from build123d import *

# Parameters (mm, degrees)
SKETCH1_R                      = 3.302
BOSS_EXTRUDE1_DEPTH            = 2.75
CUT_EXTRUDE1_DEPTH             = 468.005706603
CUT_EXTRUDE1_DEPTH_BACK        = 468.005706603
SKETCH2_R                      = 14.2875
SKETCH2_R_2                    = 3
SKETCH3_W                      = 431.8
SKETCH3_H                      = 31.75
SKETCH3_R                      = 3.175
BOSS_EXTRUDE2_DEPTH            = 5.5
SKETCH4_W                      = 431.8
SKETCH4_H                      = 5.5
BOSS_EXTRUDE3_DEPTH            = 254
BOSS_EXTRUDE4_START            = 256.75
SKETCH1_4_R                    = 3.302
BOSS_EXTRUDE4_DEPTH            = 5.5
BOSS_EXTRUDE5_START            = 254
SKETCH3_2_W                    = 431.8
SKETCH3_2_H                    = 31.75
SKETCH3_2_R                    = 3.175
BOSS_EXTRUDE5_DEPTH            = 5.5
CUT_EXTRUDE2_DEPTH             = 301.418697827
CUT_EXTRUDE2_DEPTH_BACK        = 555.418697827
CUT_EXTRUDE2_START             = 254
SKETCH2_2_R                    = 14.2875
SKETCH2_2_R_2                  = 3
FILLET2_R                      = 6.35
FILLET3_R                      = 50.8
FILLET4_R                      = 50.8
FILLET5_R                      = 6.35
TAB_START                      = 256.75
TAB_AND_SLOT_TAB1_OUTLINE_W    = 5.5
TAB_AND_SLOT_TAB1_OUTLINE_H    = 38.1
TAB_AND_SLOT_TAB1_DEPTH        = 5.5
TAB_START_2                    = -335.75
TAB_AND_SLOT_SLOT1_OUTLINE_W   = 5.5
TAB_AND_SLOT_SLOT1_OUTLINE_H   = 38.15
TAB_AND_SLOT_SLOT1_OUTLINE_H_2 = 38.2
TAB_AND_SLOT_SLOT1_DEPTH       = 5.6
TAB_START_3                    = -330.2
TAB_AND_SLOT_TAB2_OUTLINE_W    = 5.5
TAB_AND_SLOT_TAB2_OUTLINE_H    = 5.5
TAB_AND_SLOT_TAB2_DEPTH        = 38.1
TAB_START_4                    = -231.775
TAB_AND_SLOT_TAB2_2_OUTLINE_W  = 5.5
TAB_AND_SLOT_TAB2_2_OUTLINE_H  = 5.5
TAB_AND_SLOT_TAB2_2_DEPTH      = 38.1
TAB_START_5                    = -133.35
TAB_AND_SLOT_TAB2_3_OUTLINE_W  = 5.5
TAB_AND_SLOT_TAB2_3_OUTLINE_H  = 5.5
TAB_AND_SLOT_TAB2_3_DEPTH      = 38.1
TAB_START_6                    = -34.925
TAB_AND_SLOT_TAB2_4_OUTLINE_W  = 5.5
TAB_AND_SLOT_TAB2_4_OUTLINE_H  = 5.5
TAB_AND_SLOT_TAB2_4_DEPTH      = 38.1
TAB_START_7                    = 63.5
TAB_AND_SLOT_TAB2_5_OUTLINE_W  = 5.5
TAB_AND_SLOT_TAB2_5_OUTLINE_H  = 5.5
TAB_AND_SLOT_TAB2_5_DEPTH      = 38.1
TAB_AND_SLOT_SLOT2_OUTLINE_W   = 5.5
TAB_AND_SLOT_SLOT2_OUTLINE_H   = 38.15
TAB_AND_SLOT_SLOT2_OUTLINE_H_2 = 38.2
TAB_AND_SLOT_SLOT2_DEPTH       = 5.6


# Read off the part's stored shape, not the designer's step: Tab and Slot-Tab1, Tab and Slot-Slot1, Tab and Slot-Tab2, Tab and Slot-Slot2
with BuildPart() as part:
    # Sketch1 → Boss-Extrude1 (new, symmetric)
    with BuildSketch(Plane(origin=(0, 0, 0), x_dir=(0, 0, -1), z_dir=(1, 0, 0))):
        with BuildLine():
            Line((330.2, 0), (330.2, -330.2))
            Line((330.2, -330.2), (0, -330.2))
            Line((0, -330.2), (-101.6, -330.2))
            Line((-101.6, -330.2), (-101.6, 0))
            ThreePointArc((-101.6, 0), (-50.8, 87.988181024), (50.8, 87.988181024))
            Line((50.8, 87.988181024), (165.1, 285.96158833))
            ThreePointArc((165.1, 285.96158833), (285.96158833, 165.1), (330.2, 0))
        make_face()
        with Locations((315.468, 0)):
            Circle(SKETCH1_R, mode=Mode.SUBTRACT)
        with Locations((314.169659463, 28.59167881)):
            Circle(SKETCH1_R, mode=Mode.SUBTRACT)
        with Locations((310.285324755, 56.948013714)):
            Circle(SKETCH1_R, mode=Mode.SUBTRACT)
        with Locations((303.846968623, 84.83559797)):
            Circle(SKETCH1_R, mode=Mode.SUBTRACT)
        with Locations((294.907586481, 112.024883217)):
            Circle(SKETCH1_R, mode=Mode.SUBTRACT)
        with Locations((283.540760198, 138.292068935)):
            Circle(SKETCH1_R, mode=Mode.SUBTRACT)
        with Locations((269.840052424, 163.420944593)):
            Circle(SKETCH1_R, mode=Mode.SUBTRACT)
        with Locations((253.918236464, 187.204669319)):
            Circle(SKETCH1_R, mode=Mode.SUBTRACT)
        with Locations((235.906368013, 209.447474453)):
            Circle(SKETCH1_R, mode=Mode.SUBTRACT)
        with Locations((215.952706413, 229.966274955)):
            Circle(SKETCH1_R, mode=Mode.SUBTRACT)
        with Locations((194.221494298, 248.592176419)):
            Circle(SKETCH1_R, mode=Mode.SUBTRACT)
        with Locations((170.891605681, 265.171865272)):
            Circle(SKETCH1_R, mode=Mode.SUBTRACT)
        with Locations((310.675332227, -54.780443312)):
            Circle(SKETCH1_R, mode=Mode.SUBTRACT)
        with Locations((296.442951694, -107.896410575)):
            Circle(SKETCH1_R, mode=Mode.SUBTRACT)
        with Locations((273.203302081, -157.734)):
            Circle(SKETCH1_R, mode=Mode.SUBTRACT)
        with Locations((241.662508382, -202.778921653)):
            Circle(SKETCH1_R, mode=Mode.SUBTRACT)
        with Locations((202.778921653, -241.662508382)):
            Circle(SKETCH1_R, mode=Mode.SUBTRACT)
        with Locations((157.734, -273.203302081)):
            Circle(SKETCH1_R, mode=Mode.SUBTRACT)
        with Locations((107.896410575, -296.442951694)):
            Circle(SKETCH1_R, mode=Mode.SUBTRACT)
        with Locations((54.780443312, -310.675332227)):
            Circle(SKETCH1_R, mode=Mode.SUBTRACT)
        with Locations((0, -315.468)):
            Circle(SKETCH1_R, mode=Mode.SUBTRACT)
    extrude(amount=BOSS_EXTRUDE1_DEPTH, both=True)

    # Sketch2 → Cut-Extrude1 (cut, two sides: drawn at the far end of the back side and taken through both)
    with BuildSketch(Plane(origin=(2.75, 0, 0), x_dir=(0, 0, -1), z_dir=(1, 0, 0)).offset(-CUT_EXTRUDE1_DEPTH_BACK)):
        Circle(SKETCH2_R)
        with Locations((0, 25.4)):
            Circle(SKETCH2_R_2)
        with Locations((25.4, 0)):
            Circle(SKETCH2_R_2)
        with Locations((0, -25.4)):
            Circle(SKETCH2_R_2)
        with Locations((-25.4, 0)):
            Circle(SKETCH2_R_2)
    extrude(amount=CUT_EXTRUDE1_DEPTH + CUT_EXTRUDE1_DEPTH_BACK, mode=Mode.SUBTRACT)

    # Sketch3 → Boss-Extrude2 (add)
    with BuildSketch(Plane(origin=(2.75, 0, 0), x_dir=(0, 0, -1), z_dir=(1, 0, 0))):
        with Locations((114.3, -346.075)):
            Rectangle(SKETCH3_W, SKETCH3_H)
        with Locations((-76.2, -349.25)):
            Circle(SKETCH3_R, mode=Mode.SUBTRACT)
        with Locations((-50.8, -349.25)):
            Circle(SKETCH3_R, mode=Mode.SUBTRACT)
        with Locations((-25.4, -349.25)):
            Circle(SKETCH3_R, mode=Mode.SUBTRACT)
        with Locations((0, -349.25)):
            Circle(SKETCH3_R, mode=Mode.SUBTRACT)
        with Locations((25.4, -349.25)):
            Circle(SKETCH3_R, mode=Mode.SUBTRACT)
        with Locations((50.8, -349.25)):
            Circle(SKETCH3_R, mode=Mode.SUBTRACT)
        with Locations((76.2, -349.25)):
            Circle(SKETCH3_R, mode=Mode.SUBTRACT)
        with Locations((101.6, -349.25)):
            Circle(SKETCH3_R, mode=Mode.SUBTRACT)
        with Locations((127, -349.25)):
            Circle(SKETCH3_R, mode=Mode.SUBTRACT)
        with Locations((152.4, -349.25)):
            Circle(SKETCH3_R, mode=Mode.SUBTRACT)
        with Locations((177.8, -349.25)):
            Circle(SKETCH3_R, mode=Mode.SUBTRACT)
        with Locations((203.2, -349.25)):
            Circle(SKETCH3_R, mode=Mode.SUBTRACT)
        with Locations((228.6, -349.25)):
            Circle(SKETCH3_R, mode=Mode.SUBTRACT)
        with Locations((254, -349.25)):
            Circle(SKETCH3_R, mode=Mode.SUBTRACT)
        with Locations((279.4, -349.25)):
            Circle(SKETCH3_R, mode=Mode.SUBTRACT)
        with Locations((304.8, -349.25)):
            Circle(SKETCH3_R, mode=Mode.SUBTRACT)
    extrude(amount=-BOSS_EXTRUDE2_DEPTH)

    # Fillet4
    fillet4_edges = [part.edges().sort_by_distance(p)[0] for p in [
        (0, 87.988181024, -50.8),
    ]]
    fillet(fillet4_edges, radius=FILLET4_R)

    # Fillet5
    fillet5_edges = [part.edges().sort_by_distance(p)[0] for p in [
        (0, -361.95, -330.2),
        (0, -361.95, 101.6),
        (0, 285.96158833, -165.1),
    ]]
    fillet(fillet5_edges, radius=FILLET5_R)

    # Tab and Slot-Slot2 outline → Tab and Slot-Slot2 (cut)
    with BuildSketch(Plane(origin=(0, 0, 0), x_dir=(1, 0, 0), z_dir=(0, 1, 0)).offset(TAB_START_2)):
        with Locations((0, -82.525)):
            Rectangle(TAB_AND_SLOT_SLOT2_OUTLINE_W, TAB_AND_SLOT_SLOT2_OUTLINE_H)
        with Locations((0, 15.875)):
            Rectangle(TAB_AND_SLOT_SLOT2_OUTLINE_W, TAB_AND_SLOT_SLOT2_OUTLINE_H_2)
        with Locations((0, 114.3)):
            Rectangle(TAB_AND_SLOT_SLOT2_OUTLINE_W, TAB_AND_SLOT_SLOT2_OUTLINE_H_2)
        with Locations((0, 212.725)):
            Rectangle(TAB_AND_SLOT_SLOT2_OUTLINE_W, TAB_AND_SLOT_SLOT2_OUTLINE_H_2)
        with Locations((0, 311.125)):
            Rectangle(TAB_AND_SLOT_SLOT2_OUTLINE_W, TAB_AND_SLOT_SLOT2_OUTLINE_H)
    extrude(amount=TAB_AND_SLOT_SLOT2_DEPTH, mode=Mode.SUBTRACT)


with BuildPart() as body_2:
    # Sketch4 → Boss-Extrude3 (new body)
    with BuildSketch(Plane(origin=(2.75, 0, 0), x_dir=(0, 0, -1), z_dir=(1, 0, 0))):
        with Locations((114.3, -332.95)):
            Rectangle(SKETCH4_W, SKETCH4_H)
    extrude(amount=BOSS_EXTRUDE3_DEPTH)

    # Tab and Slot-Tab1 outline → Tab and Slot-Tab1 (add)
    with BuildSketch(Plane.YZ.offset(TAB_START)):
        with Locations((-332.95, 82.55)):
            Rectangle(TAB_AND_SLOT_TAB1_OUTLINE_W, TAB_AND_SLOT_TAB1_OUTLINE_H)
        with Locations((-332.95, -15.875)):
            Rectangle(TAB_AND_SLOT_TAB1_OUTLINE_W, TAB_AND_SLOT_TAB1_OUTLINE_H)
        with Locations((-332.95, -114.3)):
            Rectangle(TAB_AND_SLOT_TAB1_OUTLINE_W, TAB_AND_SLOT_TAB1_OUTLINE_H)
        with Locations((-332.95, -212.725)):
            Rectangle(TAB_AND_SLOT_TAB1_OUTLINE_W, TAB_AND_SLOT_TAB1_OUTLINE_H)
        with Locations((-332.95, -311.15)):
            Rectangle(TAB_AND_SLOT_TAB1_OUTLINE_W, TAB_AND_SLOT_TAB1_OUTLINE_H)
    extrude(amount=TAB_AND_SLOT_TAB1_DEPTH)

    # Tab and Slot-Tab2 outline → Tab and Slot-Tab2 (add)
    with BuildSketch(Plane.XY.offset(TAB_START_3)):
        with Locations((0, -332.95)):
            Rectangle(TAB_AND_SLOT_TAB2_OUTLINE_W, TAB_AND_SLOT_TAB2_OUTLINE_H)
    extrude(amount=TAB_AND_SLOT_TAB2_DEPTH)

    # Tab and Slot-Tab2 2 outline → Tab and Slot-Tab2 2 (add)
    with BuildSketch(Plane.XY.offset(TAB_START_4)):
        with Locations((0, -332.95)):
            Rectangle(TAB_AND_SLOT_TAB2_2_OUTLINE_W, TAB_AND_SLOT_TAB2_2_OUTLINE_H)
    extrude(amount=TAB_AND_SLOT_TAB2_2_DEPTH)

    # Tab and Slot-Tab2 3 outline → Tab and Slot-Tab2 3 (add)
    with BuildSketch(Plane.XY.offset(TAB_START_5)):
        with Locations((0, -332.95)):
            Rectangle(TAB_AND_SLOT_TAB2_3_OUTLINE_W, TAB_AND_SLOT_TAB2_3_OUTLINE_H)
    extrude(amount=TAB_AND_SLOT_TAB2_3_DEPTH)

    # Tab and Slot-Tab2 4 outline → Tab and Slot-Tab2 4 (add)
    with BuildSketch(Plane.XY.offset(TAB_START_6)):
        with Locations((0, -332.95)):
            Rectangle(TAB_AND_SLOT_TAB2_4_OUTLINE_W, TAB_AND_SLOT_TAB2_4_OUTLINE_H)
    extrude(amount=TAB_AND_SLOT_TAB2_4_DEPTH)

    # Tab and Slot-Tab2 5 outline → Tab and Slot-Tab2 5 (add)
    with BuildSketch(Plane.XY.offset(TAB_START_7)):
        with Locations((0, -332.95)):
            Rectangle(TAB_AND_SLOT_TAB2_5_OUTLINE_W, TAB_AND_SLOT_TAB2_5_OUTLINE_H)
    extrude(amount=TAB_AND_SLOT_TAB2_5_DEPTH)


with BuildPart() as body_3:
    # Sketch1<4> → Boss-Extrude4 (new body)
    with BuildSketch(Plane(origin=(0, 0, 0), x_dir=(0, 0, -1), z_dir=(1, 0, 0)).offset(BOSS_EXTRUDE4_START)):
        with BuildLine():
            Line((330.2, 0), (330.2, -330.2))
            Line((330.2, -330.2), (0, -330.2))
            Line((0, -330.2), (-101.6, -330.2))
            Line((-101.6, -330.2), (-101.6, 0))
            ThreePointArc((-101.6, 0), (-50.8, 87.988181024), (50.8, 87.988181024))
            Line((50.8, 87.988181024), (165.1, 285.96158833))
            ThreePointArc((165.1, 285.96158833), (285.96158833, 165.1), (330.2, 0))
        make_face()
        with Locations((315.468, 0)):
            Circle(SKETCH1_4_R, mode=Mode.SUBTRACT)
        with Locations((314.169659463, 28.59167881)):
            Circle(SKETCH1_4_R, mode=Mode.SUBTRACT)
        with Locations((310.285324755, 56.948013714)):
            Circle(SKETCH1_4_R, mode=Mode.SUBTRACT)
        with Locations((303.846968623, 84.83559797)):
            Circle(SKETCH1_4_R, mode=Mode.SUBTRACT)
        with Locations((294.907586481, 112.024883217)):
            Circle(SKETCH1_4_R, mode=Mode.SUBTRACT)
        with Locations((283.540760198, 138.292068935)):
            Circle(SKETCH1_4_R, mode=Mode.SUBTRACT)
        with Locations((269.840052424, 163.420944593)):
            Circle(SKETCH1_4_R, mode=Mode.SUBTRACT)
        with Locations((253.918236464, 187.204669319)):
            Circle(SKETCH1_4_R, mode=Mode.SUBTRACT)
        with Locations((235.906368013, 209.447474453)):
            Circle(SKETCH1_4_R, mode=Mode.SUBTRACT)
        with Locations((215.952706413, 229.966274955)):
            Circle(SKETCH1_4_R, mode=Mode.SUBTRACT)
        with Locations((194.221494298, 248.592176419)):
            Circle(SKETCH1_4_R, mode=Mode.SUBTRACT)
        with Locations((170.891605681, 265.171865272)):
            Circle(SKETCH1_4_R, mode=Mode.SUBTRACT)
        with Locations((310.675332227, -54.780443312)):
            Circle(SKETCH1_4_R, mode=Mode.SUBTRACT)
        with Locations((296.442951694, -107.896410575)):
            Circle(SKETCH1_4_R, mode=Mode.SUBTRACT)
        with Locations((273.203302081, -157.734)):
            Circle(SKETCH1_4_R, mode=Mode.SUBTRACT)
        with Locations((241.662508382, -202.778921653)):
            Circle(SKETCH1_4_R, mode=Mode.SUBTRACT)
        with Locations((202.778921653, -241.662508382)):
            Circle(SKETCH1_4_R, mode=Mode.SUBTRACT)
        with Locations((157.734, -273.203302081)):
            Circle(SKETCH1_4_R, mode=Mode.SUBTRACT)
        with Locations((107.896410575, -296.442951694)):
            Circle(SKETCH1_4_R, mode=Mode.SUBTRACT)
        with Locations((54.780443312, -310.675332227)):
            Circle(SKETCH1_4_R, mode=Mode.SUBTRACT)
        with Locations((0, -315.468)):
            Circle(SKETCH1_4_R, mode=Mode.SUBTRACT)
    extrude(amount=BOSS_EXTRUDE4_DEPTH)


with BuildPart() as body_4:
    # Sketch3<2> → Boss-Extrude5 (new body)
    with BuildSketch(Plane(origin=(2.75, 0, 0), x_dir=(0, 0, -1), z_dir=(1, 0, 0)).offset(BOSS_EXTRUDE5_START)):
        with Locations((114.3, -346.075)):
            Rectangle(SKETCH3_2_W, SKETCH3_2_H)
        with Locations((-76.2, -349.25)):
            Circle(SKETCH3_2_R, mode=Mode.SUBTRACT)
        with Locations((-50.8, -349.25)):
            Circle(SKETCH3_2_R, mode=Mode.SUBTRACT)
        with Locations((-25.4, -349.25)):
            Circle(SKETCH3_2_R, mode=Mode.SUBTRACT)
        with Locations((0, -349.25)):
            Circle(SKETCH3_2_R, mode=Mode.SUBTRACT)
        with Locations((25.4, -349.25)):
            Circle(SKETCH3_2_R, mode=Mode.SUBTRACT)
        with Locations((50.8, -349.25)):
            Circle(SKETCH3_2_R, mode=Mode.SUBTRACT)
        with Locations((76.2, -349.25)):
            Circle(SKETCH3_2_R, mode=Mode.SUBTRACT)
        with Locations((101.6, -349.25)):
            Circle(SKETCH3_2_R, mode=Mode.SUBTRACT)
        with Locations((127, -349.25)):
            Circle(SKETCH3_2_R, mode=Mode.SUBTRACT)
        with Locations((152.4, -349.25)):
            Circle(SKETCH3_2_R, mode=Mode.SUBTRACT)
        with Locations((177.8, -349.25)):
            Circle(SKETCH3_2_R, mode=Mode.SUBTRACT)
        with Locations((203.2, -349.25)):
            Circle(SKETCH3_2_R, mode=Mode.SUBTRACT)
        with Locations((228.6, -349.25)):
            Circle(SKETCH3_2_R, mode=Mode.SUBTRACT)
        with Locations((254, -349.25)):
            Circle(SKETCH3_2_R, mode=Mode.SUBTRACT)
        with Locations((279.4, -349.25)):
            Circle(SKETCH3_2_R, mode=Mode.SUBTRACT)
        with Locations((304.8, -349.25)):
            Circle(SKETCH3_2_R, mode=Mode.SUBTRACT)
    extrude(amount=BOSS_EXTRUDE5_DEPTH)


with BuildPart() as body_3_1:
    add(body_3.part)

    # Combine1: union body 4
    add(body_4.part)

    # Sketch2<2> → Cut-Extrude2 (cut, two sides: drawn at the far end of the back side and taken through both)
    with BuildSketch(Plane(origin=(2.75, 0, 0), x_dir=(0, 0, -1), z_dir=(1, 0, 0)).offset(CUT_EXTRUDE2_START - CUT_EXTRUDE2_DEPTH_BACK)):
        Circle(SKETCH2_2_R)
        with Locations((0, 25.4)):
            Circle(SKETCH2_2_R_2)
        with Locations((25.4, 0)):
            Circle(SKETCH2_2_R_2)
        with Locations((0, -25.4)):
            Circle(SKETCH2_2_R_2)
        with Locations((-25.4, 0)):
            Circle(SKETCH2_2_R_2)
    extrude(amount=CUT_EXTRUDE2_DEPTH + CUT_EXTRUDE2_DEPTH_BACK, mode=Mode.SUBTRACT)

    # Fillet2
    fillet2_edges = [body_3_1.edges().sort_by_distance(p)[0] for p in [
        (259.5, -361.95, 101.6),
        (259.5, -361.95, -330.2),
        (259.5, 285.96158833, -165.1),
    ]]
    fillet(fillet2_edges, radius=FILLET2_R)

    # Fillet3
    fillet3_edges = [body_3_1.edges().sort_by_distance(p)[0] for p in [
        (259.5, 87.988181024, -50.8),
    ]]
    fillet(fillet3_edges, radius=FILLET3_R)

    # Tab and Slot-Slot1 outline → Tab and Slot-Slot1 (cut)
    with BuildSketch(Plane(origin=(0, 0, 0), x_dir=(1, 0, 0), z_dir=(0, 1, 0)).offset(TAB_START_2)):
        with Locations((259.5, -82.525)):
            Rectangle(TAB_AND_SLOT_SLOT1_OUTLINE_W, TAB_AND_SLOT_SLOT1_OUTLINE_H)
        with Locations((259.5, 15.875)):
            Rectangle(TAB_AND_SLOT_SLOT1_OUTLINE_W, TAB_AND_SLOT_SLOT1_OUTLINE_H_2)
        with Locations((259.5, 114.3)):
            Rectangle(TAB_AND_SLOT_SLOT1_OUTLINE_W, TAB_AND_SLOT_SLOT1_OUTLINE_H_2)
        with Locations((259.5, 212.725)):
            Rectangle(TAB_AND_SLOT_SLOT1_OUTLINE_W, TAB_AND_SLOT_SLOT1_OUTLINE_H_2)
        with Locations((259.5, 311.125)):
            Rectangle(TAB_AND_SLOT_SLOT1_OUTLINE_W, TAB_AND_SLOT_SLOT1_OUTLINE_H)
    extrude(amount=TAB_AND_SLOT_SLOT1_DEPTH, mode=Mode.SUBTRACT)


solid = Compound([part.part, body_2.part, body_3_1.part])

Instructions for the task:
Return each line among the entries that holds the word "both".

Output for this exercise:
    extrude(amount=BOSS_EXTRUDE1_DEPTH, both=True)
    # Sketch2 → Cut-Extrude1 (cut, two sides: drawn at the far end of the back side and taken through both)
    # Sketch2<2> → Cut-Extrude2 (cut, two sides: drawn at the far end of the back side and taken through both)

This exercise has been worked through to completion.